Built for an omnichannel world
With the rise of the internet, customers now have more purchase channels available than ever before. Consider a product like shampoo. Today’s consumer can buy shampoo at their local beauty store, order shampoo through grocery delivery apps, buy it through online retailers, purchase it directly from a brand’s website, or several other channels.
A wealth of important data on a brand is still created in the “real world.” The stores where a product is sold, the number of products (or SKUs) a brand produces, the price points of the SKUs, its packaging and product positioning, the ingredients of a product, and the sales velocity are all indicators vitally important to understanding a brand’s performance and potential.
But recently, the online data about a brand has become equally important. A brand’s positioning, its presence on social media, the way consumers are talking about it and reviewing it, the presence or absence of online sales channels are all meaningful indicators that are also important to understand.
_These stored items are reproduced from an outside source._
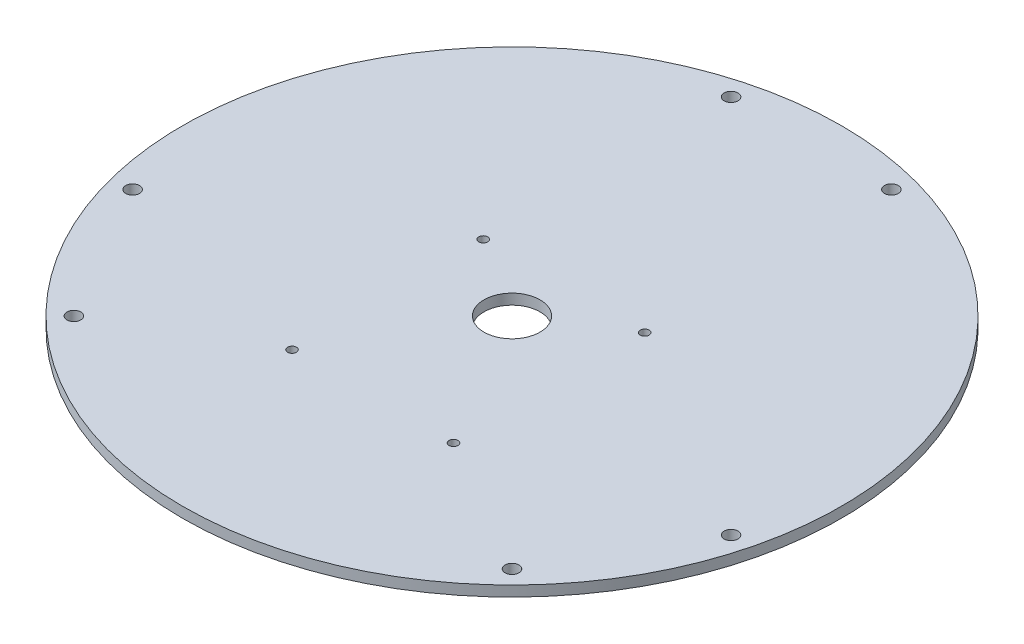
ISO-10303-21;
HEADER;
FILE_DESCRIPTION(('STEP AP214'),'2;1');
FILE_NAME('part.step','',(''),(''),'','','');
FILE_SCHEMA(('AUTOMOTIVE_DESIGN { 1 0 10303 214 1 1 1 1 }'));
ENDSEC;
DATA;
#1=APPLICATION_CONTEXT('core data for automotive mechanical design processes');
#2=APPLICATION_PROTOCOL_DEFINITION('international standard','automotive_design',2000,#1);
#3=PRODUCT_CONTEXT('',#1,'mechanical');
#4=PRODUCT('Part','Part','',(#3));
#5=PRODUCT_RELATED_PRODUCT_CATEGORY('part','',(#4));
#6=PRODUCT_DEFINITION_FORMATION('','',#4);
#7=PRODUCT_DEFINITION_CONTEXT('part definition',#1,'design');
#8=PRODUCT_DEFINITION('design','',#6,#7);
#9=PRODUCT_DEFINITION_SHAPE('','',#8);
#10=(LENGTH_UNIT() NAMED_UNIT(*) SI_UNIT(.MILLI.,.METRE.));
#11=(NAMED_UNIT(*) PLANE_ANGLE_UNIT() SI_UNIT($,.RADIAN.));
#12=(NAMED_UNIT(*) SI_UNIT($,.STERADIAN.) SOLID_ANGLE_UNIT());
#13=UNCERTAINTY_MEASURE_WITH_UNIT(LENGTH_MEASURE(1.E-05),#10,'distance_accuracy_value','');
#14=(GEOMETRIC_REPRESENTATION_CONTEXT(3) GLOBAL_UNCERTAINTY_ASSIGNED_CONTEXT((#13)) GLOBAL_UNIT_ASSIGNED_CONTEXT((#10,
#11,#12)) REPRESENTATION_CONTEXT('',''));
#15=CARTESIAN_POINT('',(0.,0.,0.));
#16=DIRECTION('',(0.,0.,1.));
#17=DIRECTION('',(1.,0.,0.));
#18=AXIS2_PLACEMENT_3D('',#15,#16,#17);
#19=CARTESIAN_POINT('',(0.,3.175,0.));
#20=DIRECTION('',(0.,1.,0.));
#21=DIRECTION('',(0.,0.,1.));
#22=AXIS2_PLACEMENT_3D('',#19,#20,#21);
#23=PLANE('',#22);
#24=CARTESIAN_POINT('',(-24.5,3.175,-15.75));
#25=DIRECTION('',(0.,1.,0.));
#26=DIRECTION('',(0.,0.,1.));
#27=AXIS2_PLACEMENT_3D('',#24,#25,#26);
#28=CIRCLE('',#27,1.35000000000001);
#29=CARTESIAN_POINT('',(-24.5,3.175,-14.4));
#30=VERTEX_POINT('',#29);
#31=EDGE_CURVE('E95',#30,#30,#28,.T.);
#32=ORIENTED_EDGE('',*,*,#31,.F.);
#33=EDGE_LOOP('',(#32));
#34=FACE_BOUND('',#33,.T.);
#35=CARTESIAN_POINT('',(24.5,3.175,42.25));
#36=DIRECTION('',(0.,1.,0.));
#37=DIRECTION('',(0.,0.,1.));
#38=AXIS2_PLACEMENT_3D('',#35,#36,#37);
#39=CIRCLE('',#38,1.35);
#40=CARTESIAN_POINT('',(24.5,3.175,43.6));
#41=VERTEX_POINT('',#40);
#42=EDGE_CURVE('E83',#41,#41,#39,.T.);
#43=ORIENTED_EDGE('',*,*,#42,.F.);
#44=EDGE_LOOP('',(#43));
#45=FACE_BOUND('',#44,.T.);
#46=CARTESIAN_POINT('',(-66.4680374315365,3.175,66.4680374315344));
#47=DIRECTION('',(0.,1.,0.));
#48=DIRECTION('',(0.,0.,-1.));
#49=AXIS2_PLACEMENT_3D('',#46,#47,#48);
#50=CIRCLE('',#49,2.10000000000002);
#51=CARTESIAN_POINT('',(-66.4680374315365,3.175,64.3680374315344));
#52=VERTEX_POINT('',#51);
#53=EDGE_CURVE('E71',#52,#52,#50,.T.);
#54=ORIENTED_EDGE('',*,*,#53,.F.);
#55=EDGE_LOOP('',(#54));
#56=FACE_BOUND('',#55,.T.);
#57=CARTESIAN_POINT('',(90.7970276711722,3.175,24.328990239638));
#58=DIRECTION('',(0.,1.,0.));
#59=DIRECTION('',(0.,0.,-1.));
#60=AXIS2_PLACEMENT_3D('',#57,#58,#59);
#61=CIRCLE('',#60,2.09999999999999);
#62=CARTESIAN_POINT('',(90.7970276711722,3.175,22.228990239638));
#63=VERTEX_POINT('',#62);
#64=EDGE_CURVE('E59',#63,#63,#61,.T.);
#65=ORIENTED_EDGE('',*,*,#64,.F.);
#66=EDGE_LOOP('',(#65));
#67=FACE_BOUND('',#66,.T.);
#68=CARTESIAN_POINT('',(-24.3289902396363,3.175,-90.7970276711726));
#69=DIRECTION('',(0.,1.,0.));
#70=DIRECTION('',(0.,0.,-1.));
#71=AXIS2_PLACEMENT_3D('',#68,#69,#70);
#72=CIRCLE('',#71,2.1);
#73=CARTESIAN_POINT('',(-24.3289902396363,3.175,-92.8970276711726));
#74=VERTEX_POINT('',#73);
#75=EDGE_CURVE('E47',#74,#74,#72,.T.);
#76=ORIENTED_EDGE('',*,*,#75,.F.);
#77=EDGE_LOOP('',(#76));
#78=FACE_BOUND('',#77,.T.);
#79=CARTESIAN_POINT('',(0.,3.175,0.));
#80=DIRECTION('',(0.,1.,0.));
#81=DIRECTION('',(0.,0.,1.));
#82=AXIS2_PLACEMENT_3D('',#79,#80,#81);
#83=CIRCLE('',#82,100.);
#84=CARTESIAN_POINT('',(0.,3.175,100.));
#85=VERTEX_POINT('',#84);
#86=EDGE_CURVE('E10',#85,#85,#83,.T.);
#87=ORIENTED_EDGE('',*,*,#86,.T.);
#88=EDGE_LOOP('',(#87));
#89=FACE_BOUND('',#88,.T.);
#90=CARTESIAN_POINT('',(24.3289902396363,3.175,-90.7970276711726));
#91=DIRECTION('',(0.,1.,0.));
#92=DIRECTION('',(0.,0.,1.));
#93=AXIS2_PLACEMENT_3D('',#90,#91,#92);
#94=CIRCLE('',#93,2.1);
#95=CARTESIAN_POINT('',(24.3289902396363,3.175,-88.6970276711726));
#96=VERTEX_POINT('',#95);
#97=EDGE_CURVE('E42',#96,#96,#94,.T.);
#98=ORIENTED_EDGE('',*,*,#97,.F.);
#99=EDGE_LOOP('',(#98));
#100=FACE_BOUND('',#99,.T.);
#101=CARTESIAN_POINT('',(66.4680374315356,3.175,66.4680374315354));
#102=DIRECTION('',(0.,1.,0.));
#103=DIRECTION('',(0.,0.,1.));
#104=AXIS2_PLACEMENT_3D('',#101,#102,#103);
#105=CIRCLE('',#104,2.09999999999999);
#106=CARTESIAN_POINT('',(66.4680374315356,3.175,68.5680374315354));
#107=VERTEX_POINT('',#106);
#108=EDGE_CURVE('E53',#107,#107,#105,.T.);
#109=ORIENTED_EDGE('',*,*,#108,.F.);
#110=EDGE_LOOP('',(#109));
#111=FACE_BOUND('',#110,.T.);
#112=CARTESIAN_POINT('',(-90.7970276711725,3.175,24.3289902396367));
#113=DIRECTION('',(0.,1.,0.));
#114=DIRECTION('',(0.,0.,1.));
#115=AXIS2_PLACEMENT_3D('',#112,#113,#114);
#116=CIRCLE('',#115,2.10000000000001);
#117=CARTESIAN_POINT('',(-90.7970276711725,3.175,26.4289902396367));
#118=VERTEX_POINT('',#117);
#119=EDGE_CURVE('E65',#118,#118,#116,.T.);
#120=ORIENTED_EDGE('',*,*,#119,.F.);
#121=EDGE_LOOP('',(#120));
#122=FACE_BOUND('',#121,.T.);
#123=CARTESIAN_POINT('',(-24.5,3.175,42.25));
#124=DIRECTION('',(0.,1.,0.));
#125=DIRECTION('',(0.,0.,1.));
#126=AXIS2_PLACEMENT_3D('',#123,#124,#125);
#127=CIRCLE('',#126,1.35);
#128=CARTESIAN_POINT('',(-24.5,3.175,43.6));
#129=VERTEX_POINT('',#128);
#130=EDGE_CURVE('E77',#129,#129,#127,.T.);
#131=ORIENTED_EDGE('',*,*,#130,.F.);
#132=EDGE_LOOP('',(#131));
#133=FACE_BOUND('',#132,.T.);
#134=CARTESIAN_POINT('',(24.5,3.175,-15.75));
#135=DIRECTION('',(0.,1.,0.));
#136=DIRECTION('',(0.,0.,1.));
#137=AXIS2_PLACEMENT_3D('',#134,#135,#136);
#138=CIRCLE('',#137,1.35000000000001);
#139=CARTESIAN_POINT('',(24.5,3.175,-14.4));
#140=VERTEX_POINT('',#139);
#141=EDGE_CURVE('E89',#140,#140,#138,.T.);
#142=ORIENTED_EDGE('',*,*,#141,.F.);
#143=EDGE_LOOP('',(#142));
#144=FACE_BOUND('',#143,.T.);
#145=CARTESIAN_POINT('',(0.,3.175,0.));
#146=DIRECTION('',(0.,1.,0.));
#147=DIRECTION('',(0.,0.,1.));
#148=AXIS2_PLACEMENT_3D('',#145,#146,#147);
#149=CIRCLE('',#148,8.5);
#150=CARTESIAN_POINT('',(0.,3.175,8.5));
#151=VERTEX_POINT('',#150);
#152=EDGE_CURVE('E101',#151,#151,#149,.T.);
#153=ORIENTED_EDGE('',*,*,#152,.F.);
#154=EDGE_LOOP('',(#153));
#155=FACE_BOUND('',#154,.T.);
#156=ADVANCED_FACE('F31',(#34,#45,#56,#67,#78,#89,#100,#111,#122,#133,#144,#155),#23,.T.);
#157=CARTESIAN_POINT('',(0.,0.,0.));
#158=DIRECTION('',(0.,1.,0.));
#159=DIRECTION('',(0.,0.,1.));
#160=AXIS2_PLACEMENT_3D('',#157,#158,#159);
#161=PLANE('',#160);
#162=CARTESIAN_POINT('',(0.,0.,0.));
#163=DIRECTION('',(0.,1.,0.));
#164=DIRECTION('',(0.,0.,1.));
#165=AXIS2_PLACEMENT_3D('',#162,#163,#164);
#166=CIRCLE('',#165,100.);
#167=CARTESIAN_POINT('',(0.,0.,100.));
#168=VERTEX_POINT('',#167);
#169=EDGE_CURVE('E35',#168,#168,#166,.T.);
#170=ORIENTED_EDGE('',*,*,#169,.F.);
#171=EDGE_LOOP('',(#170));
#172=FACE_BOUND('',#171,.T.);
#173=CARTESIAN_POINT('',(24.3289902396363,0.,-90.7970276711726));
#174=DIRECTION('',(0.,1.,0.));
#175=DIRECTION('',(0.,0.,1.));
#176=AXIS2_PLACEMENT_3D('',#173,#174,#175);
#177=CIRCLE('',#176,2.1);
#178=CARTESIAN_POINT('',(24.3289902396363,0.,-88.6970276711726));
#179=VERTEX_POINT('',#178);
#180=EDGE_CURVE('E44',#179,#179,#177,.T.);
#181=ORIENTED_EDGE('',*,*,#180,.T.);
#182=EDGE_LOOP('',(#181));
#183=FACE_BOUND('',#182,.T.);
#184=CARTESIAN_POINT('',(-24.3289902396363,0.,-90.7970276711726));
#185=DIRECTION('',(0.,1.,0.));
#186=DIRECTION('',(0.,0.,-1.));
#187=AXIS2_PLACEMENT_3D('',#184,#185,#186);
#188=CIRCLE('',#187,2.1);
#189=CARTESIAN_POINT('',(-24.3289902396363,0.,-92.8970276711726));
#190=VERTEX_POINT('',#189);
#191=EDGE_CURVE('E50',#190,#190,#188,.T.);
#192=ORIENTED_EDGE('',*,*,#191,.T.);
#193=EDGE_LOOP('',(#192));
#194=FACE_BOUND('',#193,.T.);
#195=CARTESIAN_POINT('',(66.4680374315356,0.,66.4680374315354));
#196=DIRECTION('',(0.,1.,0.));
#197=DIRECTION('',(0.,0.,1.));
#198=AXIS2_PLACEMENT_3D('',#195,#196,#197);
#199=CIRCLE('',#198,2.09999999999999);
#200=CARTESIAN_POINT('',(66.4680374315356,0.,68.5680374315354));
#201=VERTEX_POINT('',#200);
#202=EDGE_CURVE('E56',#201,#201,#199,.T.);
#203=ORIENTED_EDGE('',*,*,#202,.T.);
#204=EDGE_LOOP('',(#203));
#205=FACE_BOUND('',#204,.T.);
#206=CARTESIAN_POINT('',(90.7970276711722,0.,24.328990239638));
#207=DIRECTION('',(0.,1.,0.));
#208=DIRECTION('',(0.,0.,-1.));
#209=AXIS2_PLACEMENT_3D('',#206,#207,#208);
#210=CIRCLE('',#209,2.09999999999999);
#211=CARTESIAN_POINT('',(90.7970276711722,0.,22.228990239638));
#212=VERTEX_POINT('',#211);
#213=EDGE_CURVE('E62',#212,#212,#210,.T.);
#214=ORIENTED_EDGE('',*,*,#213,.T.);
#215=EDGE_LOOP('',(#214));
#216=FACE_BOUND('',#215,.T.);
#217=CARTESIAN_POINT('',(-90.7970276711725,0.,24.3289902396367));
#218=DIRECTION('',(0.,1.,0.));
#219=DIRECTION('',(0.,0.,1.));
#220=AXIS2_PLACEMENT_3D('',#217,#218,#219);
#221=CIRCLE('',#220,2.10000000000001);
#222=CARTESIAN_POINT('',(-90.7970276711725,0.,26.4289902396367));
#223=VERTEX_POINT('',#222);
#224=EDGE_CURVE('E68',#223,#223,#221,.T.);
#225=ORIENTED_EDGE('',*,*,#224,.T.);
#226=EDGE_LOOP('',(#225));
#227=FACE_BOUND('',#226,.T.);
#228=CARTESIAN_POINT('',(-66.4680374315365,0.,66.4680374315344));
#229=DIRECTION('',(0.,1.,0.));
#230=DIRECTION('',(0.,0.,-1.));
#231=AXIS2_PLACEMENT_3D('',#228,#229,#230);
#232=CIRCLE('',#231,2.10000000000002);
#233=CARTESIAN_POINT('',(-66.4680374315365,0.,64.3680374315344));
#234=VERTEX_POINT('',#233);
#235=EDGE_CURVE('E74',#234,#234,#232,.T.);
#236=ORIENTED_EDGE('',*,*,#235,.T.);
#237=EDGE_LOOP('',(#236));
#238=FACE_BOUND('',#237,.T.);
#239=CARTESIAN_POINT('',(-24.5,0.,42.25));
#240=DIRECTION('',(0.,1.,0.));
#241=DIRECTION('',(0.,0.,1.));
#242=AXIS2_PLACEMENT_3D('',#239,#240,#241);
#243=CIRCLE('',#242,1.35);
#244=CARTESIAN_POINT('',(-24.5,0.,43.6));
#245=VERTEX_POINT('',#244);
#246=EDGE_CURVE('E80',#245,#245,#243,.T.);
#247=ORIENTED_EDGE('',*,*,#246,.T.);
#248=EDGE_LOOP('',(#247));
#249=FACE_BOUND('',#248,.T.);
#250=CARTESIAN_POINT('',(24.5,0.,42.25));
#251=DIRECTION('',(0.,1.,0.));
#252=DIRECTION('',(0.,0.,1.));
#253=AXIS2_PLACEMENT_3D('',#250,#251,#252);
#254=CIRCLE('',#253,1.35);
#255=CARTESIAN_POINT('',(24.5,0.,43.6));
#256=VERTEX_POINT('',#255);
#257=EDGE_CURVE('E86',#256,#256,#254,.T.);
#258=ORIENTED_EDGE('',*,*,#257,.T.);
#259=EDGE_LOOP('',(#258));
#260=FACE_BOUND('',#259,.T.);
#261=CARTESIAN_POINT('',(24.5,0.,-15.75));
#262=DIRECTION('',(0.,1.,0.));
#263=DIRECTION('',(0.,0.,1.));
#264=AXIS2_PLACEMENT_3D('',#261,#262,#263);
#265=CIRCLE('',#264,1.35000000000001);
#266=CARTESIAN_POINT('',(24.5,0.,-14.4));
#267=VERTEX_POINT('',#266);
#268=EDGE_CURVE('E92',#267,#267,#265,.T.);
#269=ORIENTED_EDGE('',*,*,#268,.T.);
#270=EDGE_LOOP('',(#269));
#271=FACE_BOUND('',#270,.T.);
#272=CARTESIAN_POINT('',(-24.5,0.,-15.75));
#273=DIRECTION('',(0.,1.,0.));
#274=DIRECTION('',(0.,0.,1.));
#275=AXIS2_PLACEMENT_3D('',#272,#273,#274);
#276=CIRCLE('',#275,1.35000000000001);
#277=CARTESIAN_POINT('',(-24.5,0.,-14.4));
#278=VERTEX_POINT('',#277);
#279=EDGE_CURVE('E98',#278,#278,#276,.T.);
#280=ORIENTED_EDGE('',*,*,#279,.T.);
#281=EDGE_LOOP('',(#280));
#282=FACE_BOUND('',#281,.T.);
#283=CARTESIAN_POINT('',(0.,0.,0.));
#284=DIRECTION('',(0.,1.,0.));
#285=DIRECTION('',(0.,0.,1.));
#286=AXIS2_PLACEMENT_3D('',#283,#284,#285);
#287=CIRCLE('',#286,8.5);
#288=CARTESIAN_POINT('',(0.,0.,8.5));
#289=VERTEX_POINT('',#288);
#290=EDGE_CURVE('E104',#289,#289,#287,.T.);
#291=ORIENTED_EDGE('',*,*,#290,.T.);
#292=EDGE_LOOP('',(#291));
#293=FACE_BOUND('',#292,.T.);
#294=ADVANCED_FACE('F114',(#172,#183,#194,#205,#216,#227,#238,#249,#260,#271,#282,#293),#161,.F.);
#295=CARTESIAN_POINT('',(0.,3.175,0.));
#296=DIRECTION('',(0.,-1.,0.));
#297=DIRECTION('',(0.,0.,-1.));
#298=AXIS2_PLACEMENT_3D('',#295,#296,#297);
#299=CYLINDRICAL_SURFACE('',#298,100.);
#300=ORIENTED_EDGE('',*,*,#86,.F.);
#301=EDGE_LOOP('',(#300));
#302=FACE_BOUND('',#301,.T.);
#303=ORIENTED_EDGE('',*,*,#169,.T.);
#304=EDGE_LOOP('',(#303));
#305=FACE_BOUND('',#304,.T.);
#306=ADVANCED_FACE('F33',(#302,#305),#299,.T.);
#307=CARTESIAN_POINT('',(24.3289902396363,3.175,-90.7970276711726));
#308=DIRECTION('',(0.,-1.,0.));
#309=DIRECTION('',(0.,0.,-1.));
#310=AXIS2_PLACEMENT_3D('',#307,#308,#309);
#311=CYLINDRICAL_SURFACE('',#310,2.1);
#312=ORIENTED_EDGE('',*,*,#97,.T.);
#313=EDGE_LOOP('',(#312));
#314=FACE_BOUND('',#313,.T.);
#315=ORIENTED_EDGE('',*,*,#180,.F.);
#316=EDGE_LOOP('',(#315));
#317=FACE_BOUND('',#316,.T.);
#318=ADVANCED_FACE('F124',(#314,#317),#311,.F.);
#319=CARTESIAN_POINT('',(-24.3289902396363,3.175,-90.7970276711726));
#320=DIRECTION('',(0.,-1.,0.));
#321=DIRECTION('',(0.,0.,-1.));
#322=AXIS2_PLACEMENT_3D('',#319,#320,#321);
#323=CYLINDRICAL_SURFACE('',#322,2.1);
#324=ORIENTED_EDGE('',*,*,#75,.T.);
#325=EDGE_LOOP('',(#324));
#326=FACE_BOUND('',#325,.T.);
#327=ORIENTED_EDGE('',*,*,#191,.F.);
#328=EDGE_LOOP('',(#327));
#329=FACE_BOUND('',#328,.T.);
#330=ADVANCED_FACE('F127',(#326,#329),#323,.F.);
#331=CARTESIAN_POINT('',(66.4680374315356,3.175,66.4680374315354));
#332=DIRECTION('',(0.,-1.,0.));
#333=DIRECTION('',(0.,0.,-1.));
#334=AXIS2_PLACEMENT_3D('',#331,#332,#333);
#335=CYLINDRICAL_SURFACE('',#334,2.09999999999999);
#336=ORIENTED_EDGE('',*,*,#108,.T.);
#337=EDGE_LOOP('',(#336));
#338=FACE_BOUND('',#337,.T.);
#339=ORIENTED_EDGE('',*,*,#202,.F.);
#340=EDGE_LOOP('',(#339));
#341=FACE_BOUND('',#340,.T.);
#342=ADVANCED_FACE('F131',(#338,#341),#335,.F.);
#343=CARTESIAN_POINT('',(90.7970276711722,3.175,24.328990239638));
#344=DIRECTION('',(0.,-1.,0.));
#345=DIRECTION('',(0.,0.,-1.));
#346=AXIS2_PLACEMENT_3D('',#343,#344,#345);
#347=CYLINDRICAL_SURFACE('',#346,2.09999999999999);
#348=ORIENTED_EDGE('',*,*,#64,.T.);
#349=EDGE_LOOP('',(#348));
#350=FACE_BOUND('',#349,.T.);
#351=ORIENTED_EDGE('',*,*,#213,.F.);
#352=EDGE_LOOP('',(#351));
#353=FACE_BOUND('',#352,.T.);
#354=ADVANCED_FACE('F135',(#350,#353),#347,.F.);
#355=CARTESIAN_POINT('',(-90.7970276711725,3.175,24.3289902396367));
#356=DIRECTION('',(0.,-1.,0.));
#357=DIRECTION('',(0.,0.,-1.));
#358=AXIS2_PLACEMENT_3D('',#355,#356,#357);
#359=CYLINDRICAL_SURFACE('',#358,2.10000000000001);
#360=ORIENTED_EDGE('',*,*,#119,.T.);
#361=EDGE_LOOP('',(#360));
#362=FACE_BOUND('',#361,.T.);
#363=ORIENTED_EDGE('',*,*,#224,.F.);
#364=EDGE_LOOP('',(#363));
#365=FACE_BOUND('',#364,.T.);
#366=ADVANCED_FACE('F139',(#362,#365),#359,.F.);
#367=CARTESIAN_POINT('',(-66.4680374315365,3.175,66.4680374315344));
#368=DIRECTION('',(0.,-1.,0.));
#369=DIRECTION('',(0.,0.,-1.));
#370=AXIS2_PLACEMENT_3D('',#367,#368,#369);
#371=CYLINDRICAL_SURFACE('',#370,2.10000000000002);
#372=ORIENTED_EDGE('',*,*,#53,.T.);
#373=EDGE_LOOP('',(#372));
#374=FACE_BOUND('',#373,.T.);
#375=ORIENTED_EDGE('',*,*,#235,.F.);
#376=EDGE_LOOP('',(#375));
#377=FACE_BOUND('',#376,.T.);
#378=ADVANCED_FACE('F143',(#374,#377),#371,.F.);
#379=CARTESIAN_POINT('',(-24.5,3.175,42.25));
#380=DIRECTION('',(0.,-1.,0.));
#381=DIRECTION('',(0.,0.,-1.));
#382=AXIS2_PLACEMENT_3D('',#379,#380,#381);
#383=CYLINDRICAL_SURFACE('',#382,1.35);
#384=ORIENTED_EDGE('',*,*,#130,.T.);
#385=EDGE_LOOP('',(#384));
#386=FACE_BOUND('',#385,.T.);
#387=ORIENTED_EDGE('',*,*,#246,.F.);
#388=EDGE_LOOP('',(#387));
#389=FACE_BOUND('',#388,.T.);
#390=ADVANCED_FACE('F147',(#386,#389),#383,.F.);
#391=CARTESIAN_POINT('',(24.5,3.175,42.25));
#392=DIRECTION('',(0.,-1.,0.));
#393=DIRECTION('',(0.,0.,-1.));
#394=AXIS2_PLACEMENT_3D('',#391,#392,#393);
#395=CYLINDRICAL_SURFACE('',#394,1.35);
#396=ORIENTED_EDGE('',*,*,#42,.T.);
#397=EDGE_LOOP('',(#396));
#398=FACE_BOUND('',#397,.T.);
#399=ORIENTED_EDGE('',*,*,#257,.F.);
#400=EDGE_LOOP('',(#399));
#401=FACE_BOUND('',#400,.T.);
#402=ADVANCED_FACE('F151',(#398,#401),#395,.F.);
#403=CARTESIAN_POINT('',(24.5,3.175,-15.75));
#404=DIRECTION('',(0.,-1.,0.));
#405=DIRECTION('',(0.,0.,-1.));
#406=AXIS2_PLACEMENT_3D('',#403,#404,#405);
#407=CYLINDRICAL_SURFACE('',#406,1.35000000000001);
#408=ORIENTED_EDGE('',*,*,#141,.T.);
#409=EDGE_LOOP('',(#408));
#410=FACE_BOUND('',#409,.T.);
#411=ORIENTED_EDGE('',*,*,#268,.F.);
#412=EDGE_LOOP('',(#411));
#413=FACE_BOUND('',#412,.T.);
#414=ADVANCED_FACE('F155',(#410,#413),#407,.F.);
#415=CARTESIAN_POINT('',(-24.5,3.175,-15.75));
#416=DIRECTION('',(0.,-1.,0.));
#417=DIRECTION('',(0.,0.,-1.));
#418=AXIS2_PLACEMENT_3D('',#415,#416,#417);
#419=CYLINDRICAL_SURFACE('',#418,1.35000000000001);
#420=ORIENTED_EDGE('',*,*,#31,.T.);
#421=EDGE_LOOP('',(#420));
#422=FACE_BOUND('',#421,.T.);
#423=ORIENTED_EDGE('',*,*,#279,.F.);
#424=EDGE_LOOP('',(#423));
#425=FACE_BOUND('',#424,.T.);
#426=ADVANCED_FACE('F159',(#422,#425),#419,.F.);
#427=CARTESIAN_POINT('',(0.,3.175,0.));
#428=DIRECTION('',(0.,-1.,0.));
#429=DIRECTION('',(0.,0.,-1.));
#430=AXIS2_PLACEMENT_3D('',#427,#428,#429);
#431=CYLINDRICAL_SURFACE('',#430,8.5);
#432=ORIENTED_EDGE('',*,*,#152,.T.);
#433=EDGE_LOOP('',(#432));
#434=FACE_BOUND('',#433,.T.);
#435=ORIENTED_EDGE('',*,*,#290,.F.);
#436=EDGE_LOOP('',(#435));
#437=FACE_BOUND('',#436,.T.);
#438=ADVANCED_FACE('F110',(#434,#437),#431,.F.);
#439=CLOSED_SHELL('',(#156,#294,#306,#318,#330,#342,#354,#366,#378,#390,#402,#414,#426,#438));
#440=MANIFOLD_SOLID_BREP('B2',#439);
#441=ADVANCED_BREP_SHAPE_REPRESENTATION('',(#18,#440),#14);
#442=SHAPE_DEFINITION_REPRESENTATION(#9,#441);
ENDSEC;
END-ISO-10303-21;

Linking these offline and online data points is not an easy task, but it is critical for a holistic understanding of the consumer landscape. If two different sources refer to the same product in different ways, it is difficult but essential to recognize that these two products are the same. We’ve devoted significant resources to solving this problem, known as entity resolution, at scale and have spent large amounts of time in normalizing data in order to link all the information on a brand that we think is meaningful in a seamless way that lends itself to analysis.
How Helio helps CircleUp
We track and evaluate almost every consumer and retail company in North America. Helio proactively finds new companies every day across an array of sources. We don’t use “lists” of companies- the algorithms find new ones. The data that Helio collects on each of those companies feed into our predictive, interpretable models, which evaluate companies on dimensions that are aligned with how investors evaluate consumer and retail, but our models are driven by facts instead of opinion. Rather than only developing investment themes and seeking companies aligned with those themes, we apply empirical data science to identify companies and segments of the market that have significant growth opportunity. We’ve found that most investment firms use hypotheses that haven’t been tested empirically, but with Helio we are able to use empirical evidence and statistically-identified patterns.
Helio allows us to identify a company’s strengths and opportunity areas in a way that is easily understandable by humans. The interpretability of the algorithms allow us to expand into prescriptive analytics to prescribe actions that can increase a company’s probability of success across a range of different areas.
Helio has countless use cases – it can be used by investors, retailers, branding firms, data providers and of course, the entrepreneurs themselves. Internally at CircleUp, Helio empowers our marketplace, our credit platform and our equity funds. Helio isn’t perfect, but perfection isn’t our goal. Our goal is to build a technology that can help entrepreneurs to thrive by providing the capital and resources they need. We are enormously proud of the progress we’ve made on Helio and excited by the direction we’re heading.